Problem requirements: Find "silkscreen extent -0.05,-0.62" and "MOD_Raspberry_Pi_Pico [mm]" in the records below. Copy the lines holding them and every line between, exactly, and no others.

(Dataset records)

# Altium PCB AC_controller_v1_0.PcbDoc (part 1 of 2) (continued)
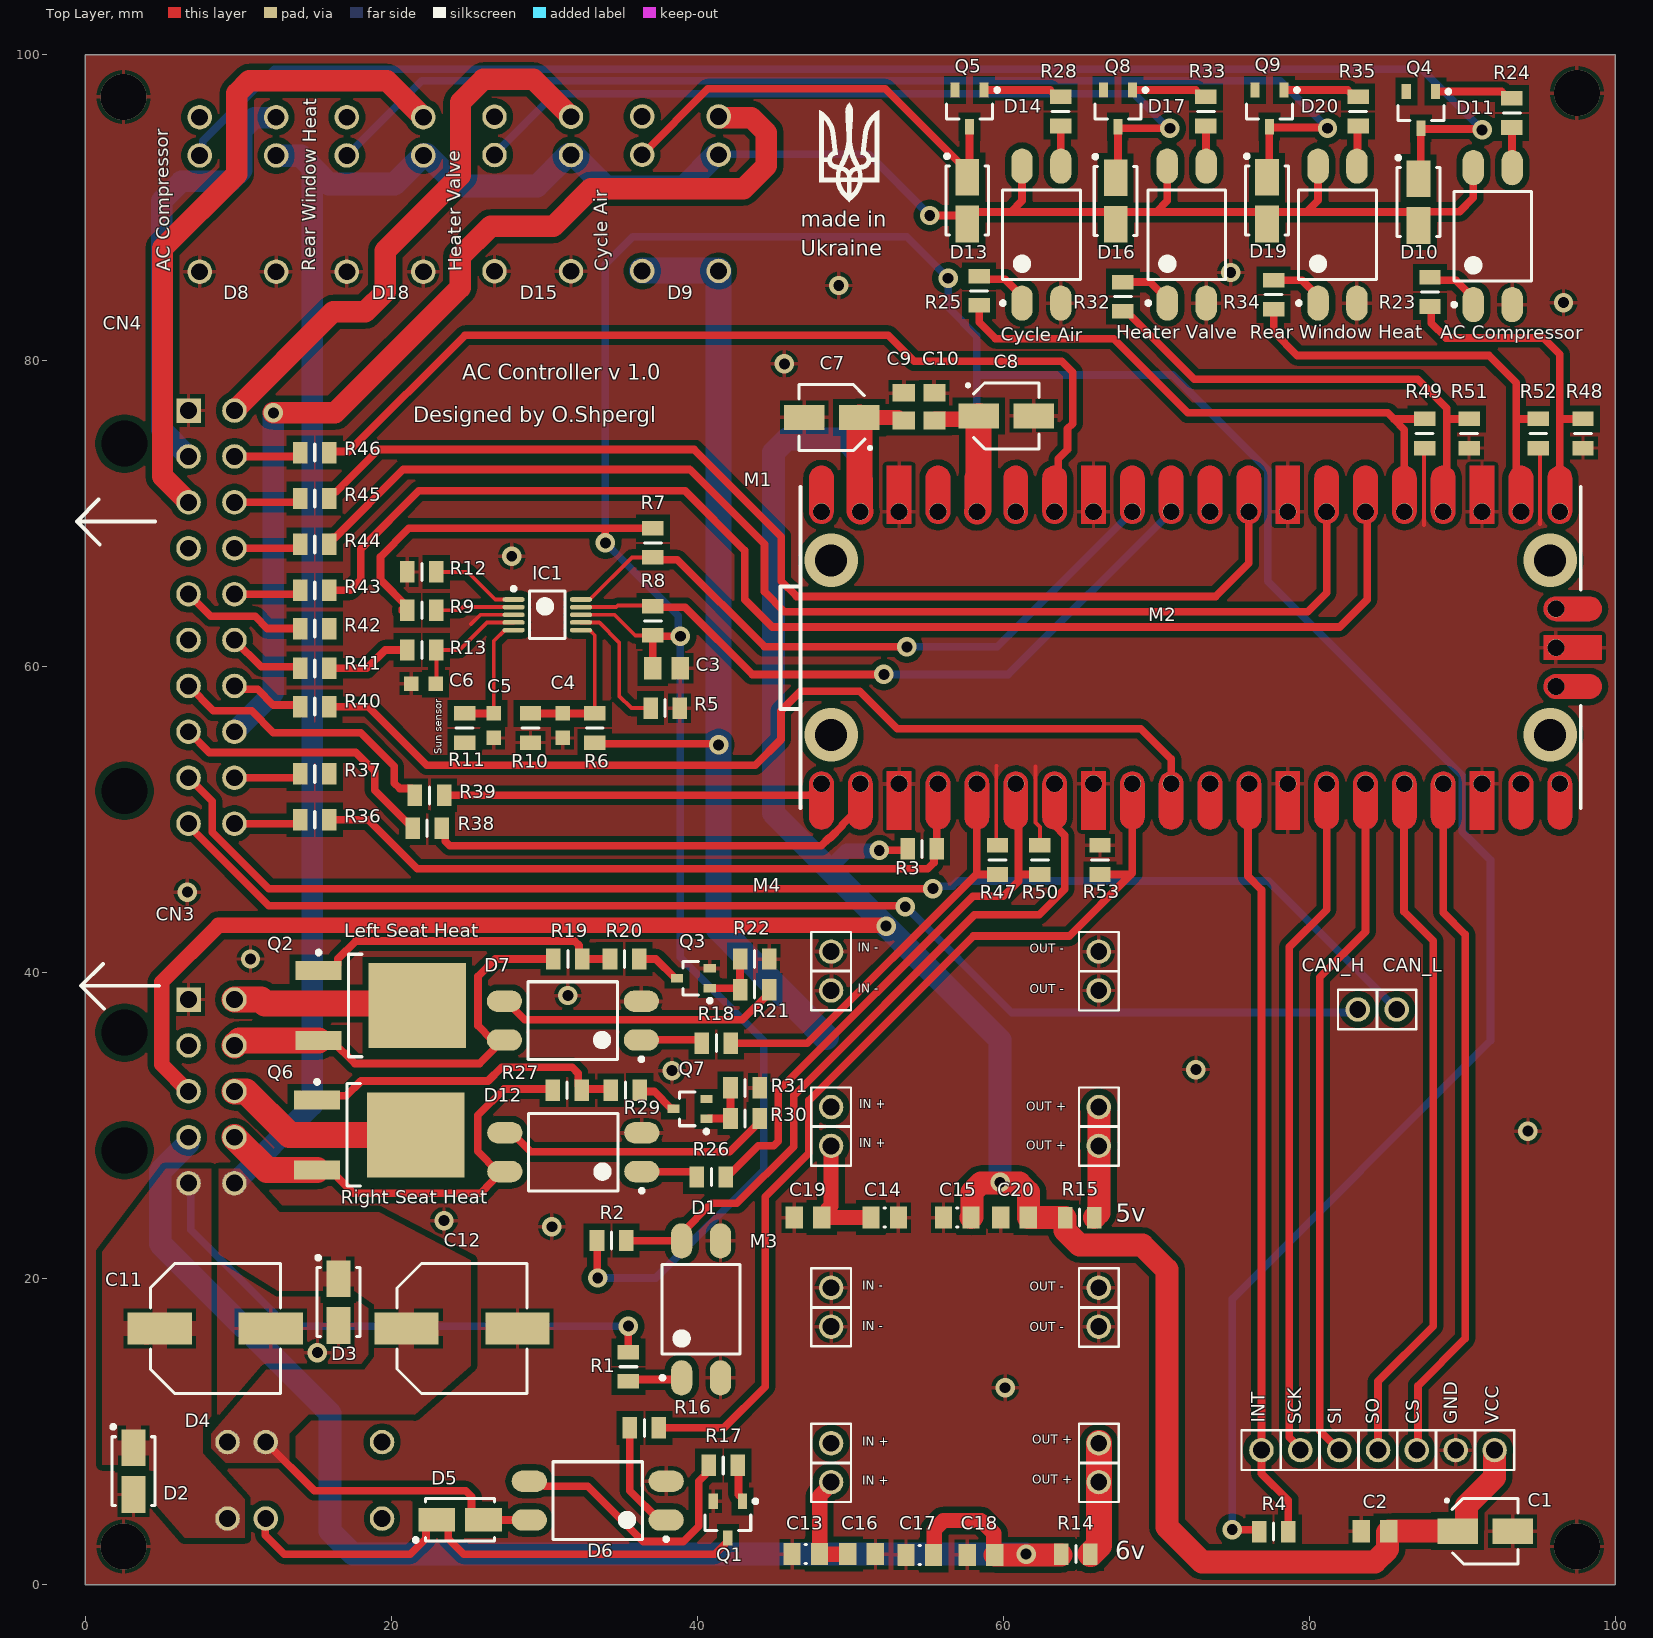
[diagram p0: Top Layer view]
## Footprints (in the part's own frame and the unit in brackets; to place one, negate y for a bottom-side part, rotate by r counter-clockwise, add the part's x,y. Pads: shape width x height; smd on the part's side, far side on the other; paste and mask are expansions set on the pad)
CAPAE430X550N [mm]
  rect 2.65x1.65 smd: 1(-1.8,0) 2(1.8,0)
  silkscreen extent -2.6,-2.15 2.15,2.15, body extent -2.3,-2.15 2.3,2.15, height 5.4
CAPAE9983X102N [mm] "Aluminum Electrolytic Capacitor, Body 8,30x8,30x10,20mm, IPC Medium Density"
  rect 4.2x2.1 smd: 1(-3.625,0) 2(3.625,0)
  silkscreen extent -4.25,-4.25 4.25,4.25, body extent -4.25,-4.25 4.25,4.25, height 10.2
CAPC1608X87N [mm]
  rect 0.95x0.95 smd: 1(-0.8,0) 2(0.8,0)
  body extent -0.8,-0.4 0.8,0.4, height 0.9
CAPC2012X88N [mm]
  rect 1.15x1.45 smd: 1(-0.9,0) 2(0.9,0)
  body extent -1,-0.62 1,0.63, height 1
CAPC2012X140N [mm]
  rect 1.1x1.45 smd: 1(-0.9,0) 2(0.9,0)
  silkscreen extent -0.05,-0.62 0.05,0.63, body extent -1,-0.63 1,0.64, height 1.42
CN_10pin_MFGK-10 [mm] "20 pin Micro Fit 3.0 male connetctor"
  rect 1.6x1.6 hole 1.1: 1(2.75,6)
  round 1.6 hole 1.1: 2(2.75,3) 3(2.75,0) 4(2.75,-3) 5(2.75,-6) 6(5.75,-6) 7(5.75,-3) 8(5.75,0) 9(5.75,3) 10(5.75,6)
  round 1.6 hole 3: Z(-1.435,-3.86) Z(-1.435,3.84)
  silkscreen extent -4.28,5.4 0.83,8.32, body extent -6.1,-9.58 6.13,9.57, height 8.73
CN_20pin_MFGK-20 [mm] "20 pin Micro Fit 3.0 male connetctor"
  rect 1.6x1.6 hole 1.1: 1(3,13.5)
  round 1.6 hole 1.1: 2(3,10.5) 3(3,7.5) 4(3,4.5) 5(3,1.5) 6(3,-1.5) 7(3,-4.5) 8(3,-7.5) 9(3,-10.5) 10(3,-13.5) 11(6,-13.5) 12(6,-10.5) 13(6,-7.5) 14(6,-4.5) 15(6,-1.5) 16(6,1.5) 17(6,4.5) 18(6,7.5) 19(6,10.5) 20(6,13.5)
  round 1.6 hole 3: Z(-1.185,-11.36) Z(-1.185,11.34)
  silkscreen extent -4.3,4.75 0.8,7.68, body extent -5.95,-17.08 6.28,17.07, height 8.78
DO-214AC [mm] "Molded Diode, 2-Leads, Body 4,25x2,67mm, IPC Medium Density"
  rect 2.4x1.55 smd: 1(-1.525,0) 2(1.525,0)
  silkscreen extent -2.25,-1.4 3.02,1.45, body extent -2.25,-1.4 2.25,1.39, height 2.29
DPAK229P991X239-3N [mm] "D-PAK, 3-Pads, Body 6,21x6,73mm (max), IPC Medium Density"
  rect 3x1.25 smd: 1(-4.1,2.29) 3(-4.1,-2.29)
  rect 6.4x5.55 smd: 2(2.35,0)
  silkscreen extent -4.22,-3.35 -1.25,3.59, body extent -2.15,-3.37 4.07,3.37, height 2.39
"IC_LiteOn_ LTV-817S" [mm]
  oval 2.3x1.4 smd: 1(-4.475,1.27) 2(-4.475,-1.27) 3(4.475,-1.27) 4(4.475,1.27)
  silkscreen extent -4.6,-2.54 2.93,2.64, body extent -5.08,-2.31 5.08,2.29, height 3.74
MCH_BSC_SS_112L [mm]
  round 1.6 hole 1.1: 1(-2.4,2.1) 2(-2.4,-5.5) 3(-2.4,-8) 4(2.6,-8) 5(2.6,-5.5) 6(2.6,2.1)
  body extent -3.65,-9.82 3.85,2.8, height 10
MOD_MCP2515 [mm] "MOD_MCP2515 CAN module"
  round 1.6 hole 1.1: 1(0,0) 2(0,-2.54) 3(0,-5.08) 4(0,-7.62) 5(0,-10.16) 6(0,-12.7) 7(0,-15.24) 8(28.8,-8.84) 9(28.8,-6.3)
  silkscreen extent -1.3,-16.51 30.1,1.3, body extent -1.31,-21.63 38.81,6.37, height 13.46
MOD_MP1584_3A [mm] "DC-DC converter 3A"
  round 1.6 hole 1.1: 1(0,0) 2(0,-2.54) 3(0,-10.16) 4(0,-12.7) 5(17.5,-12.7) 6(17.5,-10.16) 7(17.5,-2.54) 8(17.5,0)
  silkscreen extent -1.3,-13.97 18.8,1.3, body extent -2.25,-14.7 19.85,2.1, height 4.1
MOD_Raspberry_Pi_Pico [mm]
  round 1.125 hole 1.1: 1(-8.89,24.13) 2(-8.89,21.59) 3(-8.89,19.05) 4(-8.89,16.51) 5(-8.89,13.97) 6(-8.89,11.43) 7(-8.89,8.89) 8(-8.89,6.35) 9(-8.89,3.81) 10(-8.89,1.27) 11(-8.89,-1.27) 12(-8.89,-3.81) 13(-8.89,-6.35) 14(-8.89,-8.89) 15(-8.89,-11.43) 16(-8.89,-13.97) 17(-8.89,-16.51) 18(-8.89,-19.05) 19(-8.89,-21.59) 20(-8.89,-24.13) 21(8.89,-24.13) 22(8.89,-21.59) 23(8.89,-19.05) 24(8.89,-16.51) 25(8.89,-13.97) 26(8.89,-11.43) 27(8.89,-8.89) 28(8.89,-6.35) 29(8.89,-3.81) 30(8.89,-1.27) 31(8.89,1.27) 32(8.89,3.81) 33(8.89,6.35) 34(8.89,8.89) 35(8.89,11.43) 36(8.89,13.97) 37(8.89,16.51) 38(8.89,19.05) 39(8.89,21.59) 40(8.89,24.13) 41(-2.54,-23.876) 42(0,-23.876) 43(2.54,-23.876)
  Top Layer region: 1.74,-23.876 1.847,-23.476 2.14,-23.183 2.54,-23.076 2.54,-23.076 2.846,-23.137 3.106,-23.31 3.279,-23.57 3.34,-23.876 3.34,-23.876 3.34,-26.076 3.279,-26.382 3.106,-26.642 2.846,-26.815 2.54,-26.876 2.54,-26.876 2.234,-26.815 1.974,-26.642 1.801,-26.382 1.74,-26.076 1.74,-26.076
  Top Layer region: -3.34,-23.876 -3.233,-23.476 -2.94,-23.183 -2.54,-23.076 -2.54,-23.076 -2.234,-23.137 -1.974,-23.31 -1.801,-23.57 -1.74,-23.876 -1.74,-23.876 -1.74,-26.076 -1.801,-26.382 -1.974,-26.642 -2.234,-26.815 -2.54,-26.876 -2.54,-26.876 -2.846,-26.815 -3.106,-26.642 -3.279,-26.382 -3.34,-26.076 -3.34,-26.076
  Top Layer region: -0.8,-23.076 0.8,-23.076 0.8,-26.876 -0.8,-26.876
  Top Layer region: 8.09,7.15 8.09,5.55 11.89,5.55 11.89,7.15
  Top Layer region: 8.09,-5.55 8.09,-7.15 11.89,-7.15 11.89,-5.55
  Top Layer region: -8.09,-18.25 -8.09,-19.85 -11.89,-19.85 -11.89,-18.25
  Top Layer region: -8.09,-5.55 -8.09,-7.15 -11.89,-7.15 -11.89,-5.55
  Top Layer region: 8.89,23.33 8.49,23.437 8.197,23.73 8.09,24.13 8.09,24.13 8.151,24.436 8.324,24.696 8.584,24.869 8.89,24.93 8.89,24.93 11.09,24.93 11.396,24.869 11.656,24.696 11.829,24.436 11.89,24.13 11.89,24.13 11.829,23.824 11.656,23.564 11.396,23.391 11.09,23.33 11.09,23.33
  Top Layer region: 8.89,20.79 8.49,20.897 8.197,21.19 8.09,21.59 8.09,21.59 8.151,21.896 8.324,22.156 8.584,22.329 8.89,22.39 8.89,22.39 11.09,22.39 11.396,22.329 11.656,22.156 11.829,21.896 11.89,21.59 11.89,21.59 11.829,21.284 11.656,21.024 11.396,20.851 11.09,20.79 11.09,20.79
  Top Layer region: 8.89,15.71 8.49,15.817 8.197,16.11 8.09,16.51 8.09,16.51 8.151,16.816 8.324,17.076 8.584,17.249 8.89,17.31 8.89,17.31 11.09,17.31 11.396,17.249 11.656,17.076 11.829,16.816 11.89,16.51 11.89,16.51 11.829,16.204 11.656,15.944 11.396,15.771 11.09,15.71 11.09,15.71
  Top Layer region: 8.89,13.17 8.49,13.277 8.197,13.57 8.09,13.97 8.09,13.97 8.151,14.276 8.324,14.536 8.584,14.709 8.89,14.77 8.89,14.77 11.09,14.77 11.396,14.709 11.656,14.536 11.829,14.276 11.89,13.97 11.89,13.97 11.829,13.664 11.656,13.404 11.396,13.231 11.09,13.17 11.09,13.17
  Top Layer region: 8.89,10.63 8.49,10.737 8.197,11.03 8.09,11.43 8.09,11.43 8.151,11.736 8.324,11.996 8.584,12.169 8.89,12.23 8.89,12.23 11.09,12.23 11.396,12.169 11.656,11.996 11.829,11.736 11.89,11.43 11.89,11.43 11.829,11.124 11.656,10.864 11.396,10.691 11.09,10.63 11.09,10.63
  Top Layer region: 8.89,8.09 8.49,8.197 8.197,8.49 8.09,8.89 8.09,8.89 8.151,9.196 8.324,9.456 8.584,9.629 8.89,9.69 8.89,9.69 11.09,9.69 11.396,9.629 11.656,9.456 11.829,9.196 11.89,8.89 11.89,8.89 11.829,8.584 11.656,8.324 11.396,8.151 11.09,8.09 11.09,8.09
  Top Layer region: 8.89,3.01 8.49,3.117 8.197,3.41 8.09,3.81 8.09,3.81 8.151,4.116 8.324,4.376 8.584,4.549 8.89,4.61 8.89,4.61 11.09,4.61 11.396,4.549 11.656,4.376 11.829,4.116 11.89,3.81 11.89,3.81 11.829,3.504 11.656,3.244 11.396,3.071 11.09,3.01 11.09,3.01
  Top Layer region: 8.89,0.47 8.49,0.577 8.197,0.87 8.09,1.27 8.09,1.27 8.151,1.576 8.324,1.836 8.584,2.009 8.89,2.07 8.89,2.07 11.09,2.07 11.396,2.009 11.656,1.836 11.829,1.576 11.89,1.27 11.89,1.27 11.829,0.964 11.656,0.704 11.396,0.531 11.09,0.47 11.09,0.47
  Top Layer region: 8.89,-2.07 8.49,-1.963 8.197,-1.67 8.09,-1.27 8.09,-1.27 8.151,-0.964 8.324,-0.704 8.584,-0.531 8.89,-0.47 8.89,-0.47 11.09,-0.47 11.396,-0.531 11.656,-0.704 11.829,-0.964 11.89,-1.27 11.89,-1.27 11.829,-1.576 11.656,-1.836 11.396,-2.009 11.09,-2.07 11.09,-2.07
  Top Layer region: 8.89,-4.61 8.49,-4.503 8.197,-4.21 8.09,-3.81 8.09,-3.81 8.151,-3.504 8.324,-3.244 8.584,-3.071 8.89,-3.01 8.89,-3.01 11.09,-3.01 11.396,-3.071 11.656,-3.244 11.829,-3.504 11.89,-3.81 11.89,-3.81 11.829,-4.116 11.656,-4.376 11.396,-4.549 11.09,-4.61 11.09,-4.61
  Top Layer region: 8.89,-9.69 8.49,-9.583 8.197,-9.29 8.09,-8.89 8.09,-8.89 8.151,-8.584 8.324,-8.324 8.584,-8.151 8.89,-8.09 8.89,-8.09 11.09,-8.09 11.396,-8.151 11.656,-8.324 11.829,-8.584 11.89,-8.89 11.89,-8.89 11.829,-9.196 11.656,-9.456 11.396,-9.629 11.09,-9.69 11.09,-9.69
  Top Layer region: 8.89,-12.23 8.49,-12.123 8.197,-11.83 8.09,-11.43 8.09,-11.43 8.151,-11.124 8.324,-10.864 8.584,-10.691 8.89,-10.63 8.89,-10.63 11.09,-10.63 11.396,-10.691 11.656,-10.864 11.829,-11.124 11.89,-11.43 11.89,-11.43 11.829,-11.736 11.656,-11.996 11.396,-12.169 11.09,-12.23 11.09,-12.23
  Top Layer region: 8.89,-14.77 8.49,-14.663 8.197,-14.37 8.09,-13.97 8.09,-13.97 8.151,-13.664 8.324,-13.404 8.584,-13.231 8.89,-13.17 8.89,-13.17 11.09,-13.17 11.396,-13.231 11.656,-13.404 11.829,-13.664 11.89,-13.97 11.89,-13.97 11.829,-14.276 11.656,-14.536 11.396,-14.709 11.09,-14.77 11.09,-14.77
  Top Layer region: 8.89,-17.31 8.49,-17.203 8.197,-16.91 8.09,-16.51 8.09,-16.51 8.151,-16.204 8.324,-15.944 8.584,-15.771 8.89,-15.71 8.89,-15.71 11.09,-15.71 11.396,-15.771 11.656,-15.944 11.829,-16.204 11.89,-16.51 11.89,-16.51 11.829,-16.816 11.656,-17.076 11.396,-17.249 11.09,-17.31 11.09,-17.31
  Top Layer region: 8.89,-22.39 8.49,-22.283 8.197,-21.99 8.09,-21.59 8.09,-21.59 8.151,-21.284 8.324,-21.024 8.584,-20.851 8.89,-20.79 8.89,-20.79 11.09,-20.79 11.396,-20.851 11.656,-21.024 11.829,-21.284 11.89,-21.59 11.89,-21.59 11.829,-21.896 11.656,-22.156 11.396,-22.329 11.09,-22.39 11.09,-22.39
  Top Layer region: 8.89,-24.93 8.49,-24.823 8.197,-24.53 8.09,-24.13 8.09,-24.13 8.151,-23.824 8.324,-23.564 8.584,-23.391 8.89,-23.33 8.89,-23.33 11.09,-23.33 11.396,-23.391 11.656,-23.564 11.829,-23.824 11.89,-24.13 11.89,-24.13 11.829,-24.436 11.656,-24.696 11.396,-24.869 11.09,-24.93 11.09,-24.93
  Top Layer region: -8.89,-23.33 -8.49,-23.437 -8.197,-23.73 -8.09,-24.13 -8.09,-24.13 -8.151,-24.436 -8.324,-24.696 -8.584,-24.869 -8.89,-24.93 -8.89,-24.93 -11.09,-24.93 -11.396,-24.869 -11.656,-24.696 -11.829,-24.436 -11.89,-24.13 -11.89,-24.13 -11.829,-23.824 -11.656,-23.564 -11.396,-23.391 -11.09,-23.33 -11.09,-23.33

Task response:
  silkscreen extent -0.05,-0.62 0.05,0.63, body extent -1,-0.63 1,0.64, height 1.42
CN_10pin_MFGK-10 [mm] "20 pin Micro Fit 3.0 male connetctor"
  rect 1.6x1.6 hole 1.1: 1(2.75,6)
  round 1.6 hole 1.1: 2(2.75,3) 3(2.75,0) 4(2.75,-3) 5(2.75,-6) 6(5.75,-6) 7(5.75,-3) 8(5.75,0) 9(5.75,3) 10(5.75,6)
  round 1.6 hole 3: Z(-1.435,-3.86) Z(-1.435,3.84)
  silkscreen extent -4.28,5.4 0.83,8.32, body extent -6.1,-9.58 6.13,9.57, height 8.73
CN_20pin_MFGK-20 [mm] "20 pin Micro Fit 3.0 male connetctor"
  rect 1.6x1.6 hole 1.1: 1(3,13.5)
  round 1.6 hole 1.1: 2(3,10.5) 3(3,7.5) 4(3,4.5) 5(3,1.5) 6(3,-1.5) 7(3,-4.5) 8(3,-7.5) 9(3,-10.5) 10(3,-13.5) 11(6,-13.5) 12(6,-10.5) 13(6,-7.5) 14(6,-4.5) 15(6,-1.5) 16(6,1.5) 17(6,4.5) 18(6,7.5) 19(6,10.5) 20(6,13.5)
  round 1.6 hole 3: Z(-1.185,-11.36) Z(-1.185,11.34)
  silkscreen extent -4.3,4.75 0.8,7.68, body extent -5.95,-17.08 6.28,17.07, height 8.78
DO-214AC [mm] "Molded Diode, 2-Leads, Body 4,25x2,67mm, IPC Medium Density"
  rect 2.4x1.55 smd: 1(-1.525,0) 2(1.525,0)
  silkscreen extent -2.25,-1.4 3.02,1.45, body extent -2.25,-1.4 2.25,1.39, height 2.29
DPAK229P991X239-3N [mm] "D-PAK, 3-Pads, Body 6,21x6,73mm (max), IPC Medium Density"
  rect 3x1.25 smd: 1(-4.1,2.29) 3(-4.1,-2.29)
  rect 6.4x5.55 smd: 2(2.35,0)
  silkscreen extent -4.22,-3.35 -1.25,3.59, body extent -2.15,-3.37 4.07,3.37, height 2.39
"IC_LiteOn_ LTV-817S" [mm]
  oval 2.3x1.4 smd: 1(-4.475,1.27) 2(-4.475,-1.27) 3(4.475,-1.27) 4(4.475,1.27)
  silkscreen extent -4.6,-2.54 2.93,2.64, body extent -5.08,-2.31 5.08,2.29, height 3.74
MCH_BSC_SS_112L [mm]
  round 1.6 hole 1.1: 1(-2.4,2.1) 2(-2.4,-5.5) 3(-2.4,-8) 4(2.6,-8) 5(2.6,-5.5) 6(2.6,2.1)
  body extent -3.65,-9.82 3.85,2.8, height 10
MOD_MCP2515 [mm] "MOD_MCP2515 CAN module"
  round 1.6 hole 1.1: 1(0,0) 2(0,-2.54) 3(0,-5.08) 4(0,-7.62) 5(0,-10.16) 6(0,-12.7) 7(0,-15.24) 8(28.8,-8.84) 9(28.8,-6.3)
  silkscreen extent -1.3,-16.51 30.1,1.3, body extent -1.31,-21.63 38.81,6.37, height 13.46
MOD_MP1584_3A [mm] "DC-DC converter 3A"
  round 1.6 hole 1.1: 1(0,0) 2(0,-2.54) 3(0,-10.16) 4(0,-12.7) 5(17.5,-12.7) 6(17.5,-10.16) 7(17.5,-2.54) 8(17.5,0)
  silkscreen extent -1.3,-13.97 18.8,1.3, body extent -2.25,-14.7 19.85,2.1, height 4.1
MOD_Raspberry_Pi_Pico [mm]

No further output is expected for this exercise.